I think you're right. We'll see, I hope. She's doing Rosina over in Europe, I just have to hope she brings it back here.


----------



## mamascarlatti (Sep 23, 2009)

I am very keen on Topi Lehtipuu - he's great in Classical and Baroque repertoire, and is an excellent Tom Rakewell in the Glyndebourne Rake's progress.

I recommend this CD:


----------



## Cavaradossi (Aug 2, 2012)

Bellinilover said:


> Another one is Mark Delavan. I saw him as Falstaff at a local opera company, and I remember his Met debut shortly afterward as Amonasro in AIDA. Especially in that small theater where I saw Falstaff he had a _big _voice. Actually, I think he's pretty well-known now but like Croft not quite a "star." It saddens me that people forget or don't know about him and then claim that there are no "Verdi baritones" around today!


Yes! I know he's been around for a while, but this year I've really taken notice of him starting with his scary-good performance in the Met HD _Francesca di Rimini_ this spring. I was delighted that he cropped up as The Wanderer in the Met Siegfried we attended this spring. And I just caught his _powerful_ Amonasro in the Chicago Symphony Orchestra's concert performance of Aida on Saturday night at the Ravinia Festival.

In the same category, I think, is mezzo Michelle DeYoung. She was Amneris on Saturday night, also scary-good, with stage presence to spare. When I think of some of the great, milestone performances I have experienced to date, so often she was there: a Mahler's 3rd with the CSO, the wickedly demanding role of the Shaman in the Met's First Emperor, Brangane under Barenboim at the Met, Das Lied von der Erde with the CSO.

Conductors seem to love her, but I wonder if stage directors are biased against her imposing physical presence. (She's got to be over 6' tall; they were careful never to have her stand next to and dwarf little Roberto Alagna the other night.) According to her website she's starting to sing Sieglinde, Kundry, and Isolde, so maybe stardom awaits! (Alagna was fantastic as Radames by the way, delivered the goods as well.)


----------



## Bellinilover (Jul 24, 2013)

Last night I re-watched a DVD I have of a Metropolitan Opera ERNANI telecast from 1983 and realized that I really like Leona Mitchell's voice. It's lush and multi-hued, powerful yet agile. I wonder why she wasn't a bigger star? The only fault she had, in my opinion, was that her diction was quite "covered." But among sopranos she's hardly unique in that respect.


----------



## guythegreg (Jun 15, 2012)

I've heard that term before, but what does it mean? ("covered")


----------



## Bellinilover (Jul 24, 2013)

guythegreg said:


> I've heard that term before, but what does it mean? ("covered")


I know it when I hear it, but it's a bit hard to explain. I guess the best I can come up with is that it's as though the singer is "covering" the sound with the roof of his or her mouth, so that, for example, the Italian "a" vowel ("ah") comes out more like "oh."
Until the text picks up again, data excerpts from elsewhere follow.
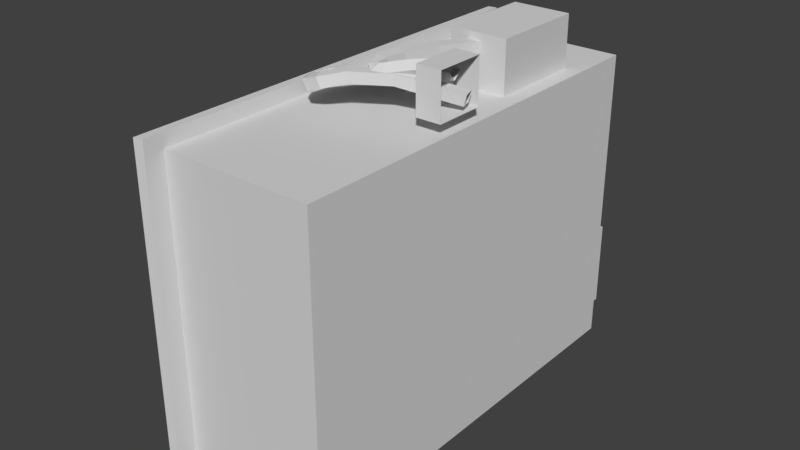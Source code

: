 # Source: ElecBox.blend  (saved by Blender 2.93.20; exported with 4.5.12 LTS)
import bpy
from mathutils import Matrix  # noqa: F401  (used for matrix-valued properties, if any)

bpy.ops.wm.read_factory_settings(use_empty=True)
scene = bpy.context.scene
scene.name = 'Scene'

# ---- collections
col_collection_1 = bpy.data.collections.new('Collection 1'); scene.collection.children.link(col_collection_1)

# ---- materials (node trees are filled in below, after node groups)
mat_defaultlib_material = bpy.data.materials.new('DefaultLib_Material')
mat_defaultlib_material.alpha_threshold = 0.0
mat_defaultlib_material.use_transparent_shadow = False
mat_defaultlib_material.diffuse_color = (0.6941, 0.6941, 0.6941, 1.0)
mat_defaultlib_material.roughness = 0.5

# ---- material node trees

# ---- world
world_world = bpy.data.worlds.new('World'); scene.world = world_world
world_world.color = (0.05088, 0.05088, 0.05088)
world_world.use_sun_shadow = False
world_world.sun_shadow_jitter_overblur = 0.0
world_world.cycles.sampling_method = 'MANUAL'

# ---- meshes
me_elecbox_ms3d_m = bpy.data.meshes.new('ElecBox.ms3d.m')
me_elecbox_ms3d_m.from_pydata([(-4.0, 4.0, 10.97), (-4.0, -4.0, -0.03335), (-4.0, 4.0, -0.03335), (-4.0, -4.0, 10.97), (-3.675, -1.196, 11.7), (-1.38, -3.502, 11.7), (-3.675, -3.502, 11.7), (-1.38, -1.196, 11.7), (-3.557, 5.35, 9.314), (-2.029, 5.35, 6.756), (-2.029, 5.35, 9.314), (-3.557, 5.35, 6.756), (-4.0, -4.0, 10.97), (0.0, -4.0, -0.03335), (-4.0, -4.0, -0.03335), (0.0, -4.0, 10.97), (-4.0, 4.0, -0.03335), (0.0, -4.0, -0.03335), (0.0, 4.0, -0.03335), (-4.0, -4.0, -0.03335), (1.041, 3.478, 8.268), (1.041, 2.525, 6.062), (1.041, 2.525, 8.268), (1.041, 3.478, 6.062), (0.2405, -4.359, 11.42), (0.0, 4.359, 11.46), (0.2405, 4.359, 11.42), (0.0, -4.359, 11.46), (0.2405, 4.359, 11.42), (0.0, 4.359, -0.5263), (0.2405, 4.359, -0.5683), (0.0, 4.359, 11.46), (0.2405, -4.359, -0.5683), (0.0, -4.359, 11.46), (0.2405, -4.359, 11.42), (0.0, -4.359, -0.5263), (0.2405, 4.359, -0.5683), (0.0, -4.359, -0.5263), (0.2405, -4.359, -0.5683), (0.0, 4.359, -0.5263), (0.2405, -4.0, 10.92), (0.2405, 4.359, 11.42), (0.2405, 4.0, 10.92), (0.2405, -4.359, 11.42), (0.2405, 4.0, 10.92), (0.2405, 4.359, -0.5683), (0.2405, 4.0, -0.07533), (0.2405, 4.359, 11.42), (0.2405, 4.0, -0.07533), (0.2405, -4.359, -0.5683), (0.2405, -4.0, -0.07533), (0.2405, 4.359, -0.5683), (0.2405, -4.0, -0.07533), (0.2405, -4.359, 11.42), (0.2405, -4.0, 10.92), (0.2405, -4.359, -0.5683), (0.0, 4.0, 10.97), (0.0, -4.359, 11.46), (0.0, -4.0, 10.97), (0.0, 4.359, 11.46), (0.0, -4.0, 10.97), (0.0, -4.359, -0.5263), (0.0, -4.0, -0.03335), (0.0, -4.359, 11.46), (0.0, -4.0, -0.03335), (0.0, 4.359, -0.5263), (0.0, 4.0, -0.03335), (0.0, -4.359, -0.5263), (0.0, 4.0, -0.03335), (0.0, 4.359, 11.46), (0.0, 4.0, 10.97), (0.0, 4.359, -0.5263), (-4.0, 4.0, 10.97), (-3.675, -3.502, 10.97), (-4.0, -4.0, 10.97), (-3.675, -1.196, 10.97), (-4.0, -4.0, 10.97), (-1.38, -3.502, 10.97), (0.0, -4.0, 10.97), (-3.675, -3.502, 10.97), (0.0, -4.0, 10.97), (-1.38, -1.196, 10.97), (0.0, 4.0, 10.97), (-1.38, -3.502, 10.97), (0.0, 4.0, 10.97), (-3.675, -1.196, 10.97), (-4.0, 4.0, 10.97), (-1.38, -1.196, 10.97), (-3.675, -1.196, 10.97), (-3.675, -3.502, 11.7), (-3.675, -3.502, 10.97), (-3.675, -1.196, 11.7), (-3.675, -3.502, 10.97), (-1.38, -3.502, 11.7), (-1.38, -3.502, 10.97), (-3.675, -3.502, 11.7), (-1.38, -3.502, 10.97), (-1.38, -1.196, 11.7), (-1.38, -1.196, 10.97), (-1.38, -3.502, 11.7), (-1.38, -1.196, 10.97), (-3.675, -1.196, 11.7), (-3.675, -1.196, 10.97), (-1.38, -1.196, 11.7), (-4.0, 4.0, 10.97), (-2.029, 4.0, 9.314), (0.0, 4.0, 10.97), (-3.557, 4.0, 9.314), (0.0, 4.0, 10.97), (-2.029, 4.0, 6.756), (0.0, 4.0, -0.03335), (-2.029, 4.0, 9.314), (0.0, 4.0, -0.03335), (-3.557, 4.0, 6.756), (-4.0, 4.0, -0.03335), (-2.029, 4.0, 6.756), (-4.0, 4.0, -0.03335), (-3.557, 4.0, 9.314), (-4.0, 4.0, 10.97), (-3.557, 4.0, 6.756), (-3.557, 4.0, 9.314), (-2.029, 5.35, 9.314), (-2.029, 4.0, 9.314), (-3.557, 5.35, 9.314), (-2.029, 4.0, 9.314), (-2.029, 5.35, 6.756), (-2.029, 4.0, 6.756), (-2.029, 5.35, 9.314), (-2.029, 4.0, 6.756), (-3.557, 5.35, 6.756), (-3.557, 4.0, 6.756), (-2.029, 5.35, 6.756), (-3.557, 4.0, 6.756), (-3.557, 5.35, 9.314), (-3.557, 4.0, 9.314), (-3.557, 5.35, 6.756), (-2.683, 4.826, 7.113), (-2.092, 4.714, 5.756), (-2.414, 4.714, 7.135), (-2.33, 4.826, 5.641), (-2.414, 4.714, 7.135), (-2.191, 4.447, 5.708), (-2.526, 4.447, 7.126), (-2.092, 4.714, 5.756), (-2.526, 4.447, 7.126), (-2.428, 4.556, 5.593), (-2.793, 4.556, 7.104), (-2.191, 4.447, 5.708), (-2.793, 4.556, 7.104), (-2.33, 4.826, 5.641), (-2.683, 4.826, 7.113), (-2.428, 4.556, 5.593), (-2.33, 4.826, 5.641), (-1.556, 4.714, 4.994), (-2.092, 4.714, 5.756), (-1.75, 4.826, 4.811), (-2.092, 4.714, 5.756), (-1.637, 4.447, 4.918), (-2.191, 4.447, 5.708), (-1.556, 4.714, 4.994), (-2.191, 4.447, 5.708), (-1.831, 4.556, 4.735), (-2.428, 4.556, 5.593), (-1.637, 4.447, 4.918), (-2.428, 4.556, 5.593), (-1.75, 4.826, 4.811), (-2.33, 4.826, 5.641), (-1.831, 4.556, 4.735), (-1.75, 4.826, 4.811), (-0.9958, 4.714, 4.518), (-1.556, 4.714, 4.994), (-1.19, 4.827, 4.337), (-1.556, 4.714, 4.994), (-1.077, 4.447, 4.442), (-1.637, 4.447, 4.918), (-0.9958, 4.714, 4.518), (-1.637, 4.447, 4.918), (-1.27, 4.557, 4.261), (-1.831, 4.556, 4.735), (-1.077, 4.447, 4.442), (-1.831, 4.556, 4.735), (-1.19, 4.827, 4.337), (-1.75, 4.826, 4.811), (-1.27, 4.557, 4.261), (-1.19, 4.827, 4.337), (-0.6325, 4.715, 4.027), (-0.9958, 4.714, 4.518), (-0.8735, 4.827, 3.938), (-0.9958, 4.714, 4.518), (-0.7329, 4.448, 3.983), (-1.077, 4.447, 4.442), (-0.6325, 4.715, 4.027), (-1.077, 4.447, 4.442), (-0.9727, 4.557, 3.894), (-1.27, 4.557, 4.261), (-0.7329, 4.448, 3.983), (-1.27, 4.557, 4.261), (-0.8735, 4.827, 3.938), (-1.19, 4.827, 4.337), (-0.9727, 4.557, 3.894), (-0.8735, 4.827, 3.938), (-0.5735, 4.733, 3.515), (-0.6325, 4.715, 4.027), (-0.8093, 4.84, 3.582), (-0.6325, 4.715, 4.027), (-0.6854, 4.467, 3.514), (-0.7329, 4.448, 3.983), (-0.5735, 4.733, 3.515), (-0.7329, 4.448, 3.983), (-0.9202, 4.571, 3.581), (-0.9727, 4.557, 3.894), (-0.6854, 4.467, 3.514), (-0.9727, 4.557, 3.894), (-0.8093, 4.84, 3.582), (-0.8735, 4.827, 3.938), (-0.9202, 4.571, 3.581), (-0.8093, 4.84, 3.582), (-0.7978, 4.796, 3.157), (-0.5735, 4.733, 3.515), (-0.8958, 4.879, 3.38), (-0.5735, 4.733, 3.515), (-0.9052, 4.531, 3.197), (-0.6854, 4.467, 3.514), (-0.7978, 4.796, 3.157), (-0.6854, 4.467, 3.514), (-1.003, 4.612, 3.418), (-0.9202, 4.571, 3.581), (-0.9052, 4.531, 3.197), (-0.9202, 4.571, 3.581), (-0.8958, 4.879, 3.38), (-0.8093, 4.84, 3.582), (-1.003, 4.612, 3.418), (-0.8958, 4.879, 3.38), (-1.21, 4.931, 3.157), (-0.7978, 4.796, 3.157), (-1.114, 4.97, 3.411), (-0.7978, 4.796, 3.157), (-1.279, 4.658, 3.215), (-0.9052, 4.531, 3.197), (-1.21, 4.931, 3.157), (-0.9052, 4.531, 3.197), (-1.185, 4.694, 3.468), (-1.003, 4.612, 3.418), (-1.279, 4.658, 3.215), (-1.003, 4.612, 3.418), (-1.114, 4.97, 3.411), (-0.8958, 4.879, 3.38), (-1.185, 4.694, 3.468), (-1.114, 4.97, 3.411), (-1.744, 5.07, 3.522), (-1.21, 4.931, 3.157), (-1.582, 5.087, 3.763), (-1.21, 4.931, 3.157), (-1.764, 4.785, 3.556), (-1.279, 4.658, 3.215), (-1.744, 5.07, 3.522), (-1.279, 4.658, 3.215), (-1.603, 4.8, 3.796), (-1.185, 4.694, 3.468), (-1.764, 4.785, 3.556), (-1.185, 4.694, 3.468), (-1.582, 5.087, 3.763), (-1.114, 4.97, 3.411), (-1.603, 4.8, 3.796), (-1.582, 5.087, 3.763), (-2.615, 5.063, 4.068), (-1.744, 5.07, 3.522), (-2.48, 5.078, 4.325), (-1.744, 5.07, 3.522), (-2.587, 4.776, 4.074), (-1.764, 4.785, 3.556), (-2.615, 5.063, 4.068), (-1.764, 4.785, 3.556), (-2.452, 4.789, 4.329), (-1.603, 4.8, 3.796), (-2.587, 4.776, 4.074), (-1.603, 4.8, 3.796), (-2.48, 5.078, 4.325), (-1.582, 5.087, 3.763), (-2.452, 4.789, 4.329), (-2.48, 5.078, 4.325), (-4.066, 4.773, 4.668), (-2.615, 5.063, 4.068), (-3.98, 4.782, 4.947), (-2.615, 5.063, 4.068), (-3.996, 4.492, 4.657), (-2.587, 4.776, 4.074), (-4.066, 4.773, 4.668), (-2.587, 4.776, 4.074), (-3.91, 4.499, 4.934), (-2.452, 4.789, 4.329), (-3.996, 4.492, 4.657), (-2.452, 4.789, 4.329), (-3.98, 4.782, 4.947), (-2.48, 5.078, 4.325), (-3.91, 4.499, 4.934), (-2.983, 5.136, 7.042), (-2.219, 5.251, 5.882), (-2.714, 5.153, 7.156), (-2.494, 5.233, 5.787), (-2.714, 5.153, 7.156), (-2.199, 4.962, 5.876), (-2.69, 4.865, 7.137), (-2.219, 5.251, 5.882), (-2.69, 4.865, 7.137), (-2.472, 4.942, 5.783), (-2.956, 4.846, 7.024), (-2.199, 4.962, 5.876), (-2.956, 4.846, 7.024), (-2.494, 5.233, 5.787), (-2.983, 5.136, 7.042), (-2.472, 4.942, 5.783), (-2.494, 5.233, 5.787), (-1.944, 5.267, 4.985), (-2.219, 5.251, 5.882), (-2.227, 5.25, 4.924), (-2.219, 5.251, 5.882), (-1.929, 4.978, 4.997), (-2.199, 4.962, 5.876), (-1.944, 5.267, 4.985), (-2.199, 4.962, 5.876), (-2.21, 4.959, 4.937), (-2.472, 4.942, 5.783), (-1.929, 4.978, 4.997), (-2.472, 4.942, 5.783), (-2.227, 5.25, 4.924), (-2.494, 5.233, 5.787), (-2.21, 4.959, 4.937), (-2.227, 5.25, 4.924), (-1.847, 5.228, 4.391), (-1.944, 5.267, 4.985), (-2.131, 5.224, 4.401), (-1.944, 5.267, 4.985), (-1.838, 4.942, 4.429), (-1.929, 4.978, 4.997), (-1.847, 5.228, 4.391), (-1.929, 4.978, 4.997), (-2.119, 4.935, 4.44), (-2.21, 4.959, 4.937), (-1.838, 4.942, 4.429), (-2.21, 4.959, 4.937), (-2.131, 5.224, 4.401), (-2.227, 5.25, 4.924), (-2.119, 4.935, 4.44), (-2.131, 5.224, 4.401), (-1.913, 5.149, 4.023), (-1.847, 5.228, 4.391), (-2.131, 5.198, 4.162), (-1.847, 5.228, 4.391), (-1.907, 4.874, 4.107), (-1.838, 4.942, 4.429), (-1.913, 5.149, 4.023), (-1.838, 4.942, 4.429), (-2.122, 4.92, 4.245), (-2.119, 4.935, 4.44), (-1.907, 4.874, 4.107), (-2.119, 4.935, 4.44), (-2.131, 5.198, 4.162), (-2.131, 5.224, 4.401), (-2.122, 4.92, 4.245), (-2.131, 5.198, 4.162), (-2.134, 5.062, 3.876), (-1.913, 5.149, 4.023), (-2.16, 5.198, 4.098), (-1.913, 5.149, 4.023), (-2.108, 4.813, 4.018), (-1.907, 4.874, 4.107), (-2.134, 5.062, 3.876), (-1.907, 4.874, 4.107), (-2.134, 4.946, 4.239), (-2.122, 4.92, 4.245), (-2.108, 4.813, 4.018), (-2.122, 4.92, 4.245), (-2.16, 5.198, 4.098), (-2.131, 5.198, 4.162), (-2.134, 4.946, 4.239), (-2.16, 5.198, 4.098), (-2.385, 5.053, 3.949), (-2.134, 5.062, 3.876), (-2.263, 5.217, 4.146), (-2.134, 5.062, 3.876), (-2.327, 4.817, 4.106), (-2.108, 4.813, 4.018), (-2.385, 5.053, 3.949), (-2.108, 4.813, 4.018), (-2.205, 4.978, 4.303), (-2.134, 4.946, 4.239), (-2.327, 4.817, 4.106), (-2.134, 4.946, 4.239), (-2.263, 5.217, 4.146), (-2.16, 5.198, 4.098), (-2.205, 4.978, 4.303), (-2.263, 5.217, 4.146), (-2.621, 5.092, 4.113), (-2.385, 5.053, 3.949), (-2.464, 5.258, 4.295), (-2.385, 5.053, 3.949), (-2.555, 4.858, 4.271), (-2.327, 4.817, 4.106), (-2.621, 5.092, 4.113), (-2.327, 4.817, 4.106), (-2.399, 5.021, 4.453), (-2.205, 4.978, 4.303), (-2.555, 4.858, 4.271), (-2.205, 4.978, 4.303), (-2.464, 5.258, 4.295), (-2.263, 5.217, 4.146), (-2.399, 5.021, 4.453), (-2.464, 5.258, 4.295), (-2.895, 5.142, 4.296), (-2.621, 5.092, 4.113), (-2.761, 5.312, 4.49), (-2.621, 5.092, 4.113), (-2.839, 4.91, 4.46), (-2.555, 4.858, 4.271), (-2.895, 5.142, 4.296), (-2.555, 4.858, 4.271), (-2.705, 5.076, 4.654), (-2.399, 5.021, 4.453), (-2.839, 4.91, 4.46), (-2.399, 5.021, 4.453), (-2.761, 5.312, 4.49), (-2.464, 5.258, 4.295), (-2.705, 5.076, 4.654), (-2.761, 5.312, 4.49), (-3.247, 5.183, 4.453), (-2.895, 5.142, 4.296), (-3.163, 5.359, 4.668), (-2.895, 5.142, 4.296), (-3.209, 4.954, 4.626), (-2.839, 4.91, 4.46), (-3.247, 5.183, 4.453), (-2.839, 4.91, 4.46), (-3.125, 5.127, 4.841), (-2.705, 5.076, 4.654), (-3.209, 4.954, 4.626), (-2.705, 5.076, 4.654), (-3.163, 5.359, 4.668), (-2.761, 5.312, 4.49), (-3.125, 5.127, 4.841), (-3.163, 5.359, 4.668), (-3.704, 5.199, 4.542), (-3.247, 5.183, 4.453), (-3.687, 5.38, 4.77), (-3.247, 5.183, 4.453), (-3.69, 4.972, 4.721), (-3.209, 4.954, 4.626), (-3.704, 5.199, 4.542), (-3.209, 4.954, 4.626), (-3.673, 5.149, 4.95), (-3.125, 5.127, 4.841), (-3.69, 4.972, 4.721), (-3.125, 5.127, 4.841), (-3.687, 5.38, 4.77), (-3.163, 5.359, 4.668), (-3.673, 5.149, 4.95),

Sometimes "covering" is a good thing to do -- apparently, you're supposed to "cover" as you're going up the scale toward the high register -- but when applied to diction, it tends to dull the clarity of the words.


----------



## guythegreg (Jun 15, 2012)

Bellinilover said:


> I know it when I hear it, but it's a bit hard to explain. I guess the best I can come up with is that it's as though the singer is "covering" the sound with the roof of his or her mouth, so that, for example, the Italian "a" vowel ("ah") comes out more like "oh."
> 
> Sometimes "covering" is a good thing to do -- apparently, you're supposed to "cover" as you're going up the scale toward the high register -- but when applied to diction, it tends to dull the clarity of the words.


I think I see what you mean. It sounds like a safeguard against damaging the voice, maybe?


----------



## Bellinilover (Jul 24, 2013)

guythegreg said:


> I think I see what you mean. It sounds like a safeguard against damaging the voice, maybe?


Yes, because an "open" sound all the way up the scale would be more like shouting than singing and would damage the voice. Have you ever heard Giuseppe di Stefano? I think he's a good example of a singer who didn't "cover" enough -- he always had those wide-open vowel sounds, and I've heard people say that's why his voice declined early. On the other hand, Joan Sutherland perhaps "covered" too much, and that's why her diction was murky. (I'm not knocking Sutherland, by the way -- she's happens to be a favorite of mine.)


----------



## Dongiovanni (Jul 30, 2012)

First singer that comes to mind is Allison Hagley. She did a fantastic Susanna under Haitink at Glyndebourne. You can find it on youtube. 

And Rodney Gilfrey.


----------



## guythegreg (Jun 15, 2012)

Bellinilover said:


> Yes, because an "open" sound all the way up the scale would be more like shouting than singing and would damage the voice. Have you ever heard Giuseppe di Stefano? I think he's a good example of a singer who didn't "cover" enough -- he always had those wide-open vowel sounds, and I've heard people say that's why his voice declined early. On the other hand, Joan Sutherland perhaps "covered" too much, and that's why her diction was murky. (I'm not knocking Sutherland, by the way -- she's happens to be a favorite of mine.)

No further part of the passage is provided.